On board, Golden Princess retains much of the design of Grand Princess, aside from several changes. Instead of the slanted bulkheads of the tiered decks below her sister ship's navigation bridge, she has flat bulkheads. Additionally, in order to reduce the ship's weight, she features a modified stern made of lighter materials, particularly in the "handle," which housed the ship's nightclub.

==Service history==
===Golden Princess===
In January 1998, Princess announced it was ordering two additional Grand-class ships at a cost of approximately US$425 million each from Italian shipbuilder Fincantieri for delivery in 2001.
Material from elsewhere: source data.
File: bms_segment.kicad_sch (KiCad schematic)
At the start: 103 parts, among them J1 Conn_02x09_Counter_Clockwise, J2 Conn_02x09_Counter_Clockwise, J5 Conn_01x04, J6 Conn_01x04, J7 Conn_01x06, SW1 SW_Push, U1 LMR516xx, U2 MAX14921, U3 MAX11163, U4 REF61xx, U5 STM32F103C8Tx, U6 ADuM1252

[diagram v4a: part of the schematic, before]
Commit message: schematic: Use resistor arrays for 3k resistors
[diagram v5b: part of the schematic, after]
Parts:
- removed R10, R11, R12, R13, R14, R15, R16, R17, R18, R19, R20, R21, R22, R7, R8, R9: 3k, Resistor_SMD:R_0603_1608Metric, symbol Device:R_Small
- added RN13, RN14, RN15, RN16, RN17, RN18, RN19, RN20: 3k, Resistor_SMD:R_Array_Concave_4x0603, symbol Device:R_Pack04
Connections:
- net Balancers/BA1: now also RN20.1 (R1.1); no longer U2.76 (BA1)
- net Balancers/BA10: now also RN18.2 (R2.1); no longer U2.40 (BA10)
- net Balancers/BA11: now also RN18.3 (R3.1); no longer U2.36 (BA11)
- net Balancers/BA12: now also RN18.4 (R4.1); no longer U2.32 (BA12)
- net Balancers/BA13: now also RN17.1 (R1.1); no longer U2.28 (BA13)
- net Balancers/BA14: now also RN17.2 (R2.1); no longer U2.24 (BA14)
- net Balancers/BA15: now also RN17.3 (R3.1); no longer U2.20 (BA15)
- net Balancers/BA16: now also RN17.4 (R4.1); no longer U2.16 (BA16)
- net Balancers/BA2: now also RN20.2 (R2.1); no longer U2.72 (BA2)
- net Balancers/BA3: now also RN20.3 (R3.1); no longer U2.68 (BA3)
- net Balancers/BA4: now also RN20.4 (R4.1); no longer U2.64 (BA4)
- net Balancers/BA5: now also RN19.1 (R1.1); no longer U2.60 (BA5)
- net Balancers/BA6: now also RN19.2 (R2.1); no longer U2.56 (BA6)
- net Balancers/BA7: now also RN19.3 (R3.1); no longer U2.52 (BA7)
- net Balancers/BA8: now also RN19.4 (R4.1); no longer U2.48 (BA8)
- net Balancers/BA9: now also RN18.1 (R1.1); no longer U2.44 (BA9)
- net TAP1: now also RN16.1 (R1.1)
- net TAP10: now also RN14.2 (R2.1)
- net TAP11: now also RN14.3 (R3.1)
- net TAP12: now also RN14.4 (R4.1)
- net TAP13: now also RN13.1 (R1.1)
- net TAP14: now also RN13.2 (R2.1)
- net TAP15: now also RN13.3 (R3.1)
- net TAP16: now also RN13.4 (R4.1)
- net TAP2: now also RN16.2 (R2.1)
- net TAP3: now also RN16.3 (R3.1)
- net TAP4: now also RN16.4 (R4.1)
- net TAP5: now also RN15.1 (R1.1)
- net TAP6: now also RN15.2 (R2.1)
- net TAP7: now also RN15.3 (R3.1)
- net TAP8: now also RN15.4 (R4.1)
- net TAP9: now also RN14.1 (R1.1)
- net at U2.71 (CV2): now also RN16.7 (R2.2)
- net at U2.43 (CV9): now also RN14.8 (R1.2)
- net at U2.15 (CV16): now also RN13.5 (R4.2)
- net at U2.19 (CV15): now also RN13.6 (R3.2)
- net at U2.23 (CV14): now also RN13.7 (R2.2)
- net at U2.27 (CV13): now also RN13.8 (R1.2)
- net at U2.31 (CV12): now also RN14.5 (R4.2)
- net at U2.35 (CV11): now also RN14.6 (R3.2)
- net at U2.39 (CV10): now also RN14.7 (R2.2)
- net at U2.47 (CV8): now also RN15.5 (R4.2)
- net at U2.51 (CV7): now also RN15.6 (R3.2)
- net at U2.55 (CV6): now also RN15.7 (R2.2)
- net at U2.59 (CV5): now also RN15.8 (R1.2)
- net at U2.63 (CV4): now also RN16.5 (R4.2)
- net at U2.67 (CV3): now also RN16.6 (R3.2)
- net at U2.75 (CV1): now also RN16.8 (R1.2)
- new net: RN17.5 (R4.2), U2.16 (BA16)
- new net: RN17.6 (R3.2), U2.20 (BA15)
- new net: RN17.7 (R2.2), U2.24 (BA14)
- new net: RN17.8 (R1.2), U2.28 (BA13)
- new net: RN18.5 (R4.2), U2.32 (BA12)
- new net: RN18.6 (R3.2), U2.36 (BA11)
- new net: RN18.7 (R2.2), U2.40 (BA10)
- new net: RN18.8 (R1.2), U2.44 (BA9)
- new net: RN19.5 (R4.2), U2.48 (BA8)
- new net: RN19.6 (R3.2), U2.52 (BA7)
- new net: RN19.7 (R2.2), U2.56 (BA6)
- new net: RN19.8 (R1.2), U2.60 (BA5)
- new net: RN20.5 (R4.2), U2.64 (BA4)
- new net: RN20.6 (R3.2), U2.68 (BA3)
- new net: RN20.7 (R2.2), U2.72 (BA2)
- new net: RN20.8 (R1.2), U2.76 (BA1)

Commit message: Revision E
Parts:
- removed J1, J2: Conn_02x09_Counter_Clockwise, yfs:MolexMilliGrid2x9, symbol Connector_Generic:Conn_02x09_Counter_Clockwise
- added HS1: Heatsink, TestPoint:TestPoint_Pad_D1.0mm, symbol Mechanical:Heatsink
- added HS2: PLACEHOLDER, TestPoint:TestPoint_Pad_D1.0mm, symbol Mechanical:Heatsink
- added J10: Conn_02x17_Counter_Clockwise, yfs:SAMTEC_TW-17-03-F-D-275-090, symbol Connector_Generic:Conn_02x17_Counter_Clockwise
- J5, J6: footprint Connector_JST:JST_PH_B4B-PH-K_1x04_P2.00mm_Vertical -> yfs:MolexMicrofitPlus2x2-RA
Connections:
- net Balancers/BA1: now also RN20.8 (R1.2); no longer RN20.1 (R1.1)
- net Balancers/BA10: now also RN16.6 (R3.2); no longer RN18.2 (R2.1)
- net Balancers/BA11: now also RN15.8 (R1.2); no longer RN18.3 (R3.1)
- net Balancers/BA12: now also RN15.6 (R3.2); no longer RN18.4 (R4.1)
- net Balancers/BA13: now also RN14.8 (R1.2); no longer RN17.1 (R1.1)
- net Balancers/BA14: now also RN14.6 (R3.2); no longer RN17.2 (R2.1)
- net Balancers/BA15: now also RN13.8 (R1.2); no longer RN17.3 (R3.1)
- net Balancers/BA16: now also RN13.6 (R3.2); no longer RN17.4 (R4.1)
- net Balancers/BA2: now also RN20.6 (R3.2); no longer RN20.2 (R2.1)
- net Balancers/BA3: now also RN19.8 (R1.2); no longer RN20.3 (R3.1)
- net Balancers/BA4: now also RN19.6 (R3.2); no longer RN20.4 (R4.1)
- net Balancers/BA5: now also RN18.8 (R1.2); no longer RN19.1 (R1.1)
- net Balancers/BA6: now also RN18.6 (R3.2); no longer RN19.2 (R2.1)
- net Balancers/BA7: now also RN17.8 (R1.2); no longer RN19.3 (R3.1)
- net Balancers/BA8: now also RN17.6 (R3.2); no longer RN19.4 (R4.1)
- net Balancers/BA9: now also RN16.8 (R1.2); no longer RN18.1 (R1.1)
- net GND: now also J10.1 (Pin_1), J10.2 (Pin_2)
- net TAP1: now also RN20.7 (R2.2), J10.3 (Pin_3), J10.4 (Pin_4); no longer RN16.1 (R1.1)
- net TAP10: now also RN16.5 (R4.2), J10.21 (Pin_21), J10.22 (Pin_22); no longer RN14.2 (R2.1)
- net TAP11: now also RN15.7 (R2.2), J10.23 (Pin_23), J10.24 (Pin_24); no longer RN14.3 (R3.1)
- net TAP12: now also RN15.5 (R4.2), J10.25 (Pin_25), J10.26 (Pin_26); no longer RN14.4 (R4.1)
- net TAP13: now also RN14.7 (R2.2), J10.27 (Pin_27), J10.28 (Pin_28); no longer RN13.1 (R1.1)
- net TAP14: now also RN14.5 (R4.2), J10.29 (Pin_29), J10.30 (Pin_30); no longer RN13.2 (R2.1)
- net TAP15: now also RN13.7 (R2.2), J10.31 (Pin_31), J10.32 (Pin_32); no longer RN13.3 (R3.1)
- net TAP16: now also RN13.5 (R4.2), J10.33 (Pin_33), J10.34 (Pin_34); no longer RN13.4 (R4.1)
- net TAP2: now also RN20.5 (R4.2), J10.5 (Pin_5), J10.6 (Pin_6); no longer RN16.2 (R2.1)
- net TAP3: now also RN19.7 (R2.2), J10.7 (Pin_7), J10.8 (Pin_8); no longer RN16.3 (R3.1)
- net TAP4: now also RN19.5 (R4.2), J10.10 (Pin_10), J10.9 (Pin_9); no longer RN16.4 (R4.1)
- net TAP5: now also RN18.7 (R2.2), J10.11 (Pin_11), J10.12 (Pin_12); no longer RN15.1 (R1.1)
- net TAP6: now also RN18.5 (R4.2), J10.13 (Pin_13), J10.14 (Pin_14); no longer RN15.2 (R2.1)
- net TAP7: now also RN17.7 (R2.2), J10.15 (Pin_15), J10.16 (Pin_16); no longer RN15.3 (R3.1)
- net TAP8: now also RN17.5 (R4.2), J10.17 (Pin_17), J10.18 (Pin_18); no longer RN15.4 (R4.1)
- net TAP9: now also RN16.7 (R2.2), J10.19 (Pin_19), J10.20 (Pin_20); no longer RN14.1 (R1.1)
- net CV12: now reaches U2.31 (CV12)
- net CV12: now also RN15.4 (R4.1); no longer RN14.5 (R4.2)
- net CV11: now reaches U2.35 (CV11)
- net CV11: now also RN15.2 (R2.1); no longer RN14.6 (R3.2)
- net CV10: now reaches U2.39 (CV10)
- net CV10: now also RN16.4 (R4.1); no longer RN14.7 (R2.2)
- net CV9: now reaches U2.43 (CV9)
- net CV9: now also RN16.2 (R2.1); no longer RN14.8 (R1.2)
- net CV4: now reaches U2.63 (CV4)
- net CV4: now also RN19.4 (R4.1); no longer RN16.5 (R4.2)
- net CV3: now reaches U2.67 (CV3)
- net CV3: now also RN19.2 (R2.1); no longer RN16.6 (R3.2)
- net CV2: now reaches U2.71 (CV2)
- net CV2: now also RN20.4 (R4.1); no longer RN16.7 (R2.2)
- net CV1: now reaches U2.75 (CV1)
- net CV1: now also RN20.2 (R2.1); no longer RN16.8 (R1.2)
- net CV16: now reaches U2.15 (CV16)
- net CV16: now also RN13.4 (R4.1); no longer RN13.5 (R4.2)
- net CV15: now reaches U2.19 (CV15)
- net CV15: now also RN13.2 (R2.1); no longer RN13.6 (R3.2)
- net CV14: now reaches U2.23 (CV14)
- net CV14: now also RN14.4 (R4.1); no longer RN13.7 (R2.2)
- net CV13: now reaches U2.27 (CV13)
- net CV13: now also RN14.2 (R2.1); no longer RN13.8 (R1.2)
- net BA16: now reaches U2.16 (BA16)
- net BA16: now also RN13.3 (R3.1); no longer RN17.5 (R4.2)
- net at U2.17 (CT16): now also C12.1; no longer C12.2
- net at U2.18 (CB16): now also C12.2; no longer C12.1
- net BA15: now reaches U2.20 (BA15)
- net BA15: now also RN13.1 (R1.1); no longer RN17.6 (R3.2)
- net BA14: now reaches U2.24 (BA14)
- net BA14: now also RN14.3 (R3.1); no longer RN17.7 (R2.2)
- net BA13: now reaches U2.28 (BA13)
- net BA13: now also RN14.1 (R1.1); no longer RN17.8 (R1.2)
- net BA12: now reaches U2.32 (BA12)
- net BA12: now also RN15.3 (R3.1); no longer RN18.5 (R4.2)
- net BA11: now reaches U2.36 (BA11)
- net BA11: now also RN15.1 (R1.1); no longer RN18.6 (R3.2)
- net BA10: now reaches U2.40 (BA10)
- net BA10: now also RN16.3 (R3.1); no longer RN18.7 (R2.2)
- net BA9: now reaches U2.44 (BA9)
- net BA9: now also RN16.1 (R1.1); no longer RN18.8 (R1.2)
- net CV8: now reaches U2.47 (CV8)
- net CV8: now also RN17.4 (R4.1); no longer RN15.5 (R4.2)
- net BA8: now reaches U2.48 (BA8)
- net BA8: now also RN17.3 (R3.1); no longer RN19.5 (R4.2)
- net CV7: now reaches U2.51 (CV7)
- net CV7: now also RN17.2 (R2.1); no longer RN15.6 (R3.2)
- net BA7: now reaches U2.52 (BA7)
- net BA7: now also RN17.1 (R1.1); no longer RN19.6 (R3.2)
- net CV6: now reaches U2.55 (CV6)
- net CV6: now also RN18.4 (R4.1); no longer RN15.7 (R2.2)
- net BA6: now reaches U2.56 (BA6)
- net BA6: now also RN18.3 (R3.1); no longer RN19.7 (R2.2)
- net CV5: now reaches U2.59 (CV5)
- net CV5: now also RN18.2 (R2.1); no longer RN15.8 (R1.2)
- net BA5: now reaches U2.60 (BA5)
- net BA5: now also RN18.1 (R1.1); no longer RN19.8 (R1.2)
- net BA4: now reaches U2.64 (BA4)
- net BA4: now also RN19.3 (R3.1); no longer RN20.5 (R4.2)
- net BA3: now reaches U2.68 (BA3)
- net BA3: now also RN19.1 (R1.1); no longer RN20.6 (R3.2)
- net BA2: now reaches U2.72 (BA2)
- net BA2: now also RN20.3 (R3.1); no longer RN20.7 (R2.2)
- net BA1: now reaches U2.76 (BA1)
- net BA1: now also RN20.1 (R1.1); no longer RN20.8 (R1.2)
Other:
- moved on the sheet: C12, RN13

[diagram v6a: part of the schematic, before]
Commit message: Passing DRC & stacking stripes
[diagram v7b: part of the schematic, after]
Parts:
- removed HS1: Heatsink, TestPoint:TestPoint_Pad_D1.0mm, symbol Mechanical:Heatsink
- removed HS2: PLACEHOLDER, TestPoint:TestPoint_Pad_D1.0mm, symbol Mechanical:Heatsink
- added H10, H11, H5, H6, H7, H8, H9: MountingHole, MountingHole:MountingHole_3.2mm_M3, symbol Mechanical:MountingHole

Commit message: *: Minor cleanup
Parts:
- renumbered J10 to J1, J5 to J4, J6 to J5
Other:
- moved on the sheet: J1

The first ship, named Golden Princess, was floated out on 31 August 2000 at Monfalcone. She sailed her maiden voyage on 16 May 2001. She was originally planned to be christened by Jane Seymour on 12 October 2001, but was later christened by Merlisa George, Miss US Virgin Islands 2002, on 17 April 2002 in Saint Thomas.

====COVID-19====
The 2019–2020 season marked the last active season that the ship sailed as Golden Princess. She began with weekly Alaska voyages in summer 2019 before returning to Melbourne in fall 2019. In March 2020, during a round-trip sailing from Melbourne to New Zealand amid the COVID-19 pandemic, three passengers were quarantined onboard after one was suspected of having the coronavirus when they began developing symptoms. At the time of the announcement, the ship was bound for Akaroa and proceeded to anchor in Akaroa Harbour to allow for medical officials to test the guests, who ultimately tested negative. The remainder of the voyage was subsequently cancelled and the ship was cleared to return to Melbourne, following the Australian government's ordinance for all cruise ships to return to their homeports. The ship returned on 19 March 2020 and all guests finally disembarked around 6:00pm after some of the guests were tested earlier in the day, and none of those tests returned positive. Golden Princess was scheduled to perform a full season of Alaska voyages from Los Angeles in summer 2020 and a final transpacific crossing to Singapore in fall 2020, but due to the pandemic, all sailings of the ship were suspended. There were rumors of the vessel possibly being sold for scrap instead of being transferred to P&O Australia, but Carnival Corporation denied the rumors and later did transfer the vessel.

===Pacific Adventure===
P&O Cruises Australia, as a part of its "fleet enhancement plan." The new ship, scheduled for delivery in 2019, would become P&O's first-ever new-build vessel and its largest ship overall in the fleet. However, in December 2016, the order for the new ship was transferred to sister brand Carnival Cruise Line (CCL) in exchange for joining the P&O fleet instead. In a statement, P&O president Sture Myrmell conceded that the market's current infrastructure and its anticipated pace of development would be inadequate to support the brand's earlier, more ambitious expansion goals. But in September 2017, Carnival issued a further fleet realignment, announcing Golden Princess would transfer to P&O, with Carnival Splendor continuing to operate for CCL. In September 2018, after hosting an online naming contest, P&O announced Golden Princess would be renamed Pacific Adventure and debut in October 2020, featuring modified accommodations and onboard facilities designed in-line with the P&O brand.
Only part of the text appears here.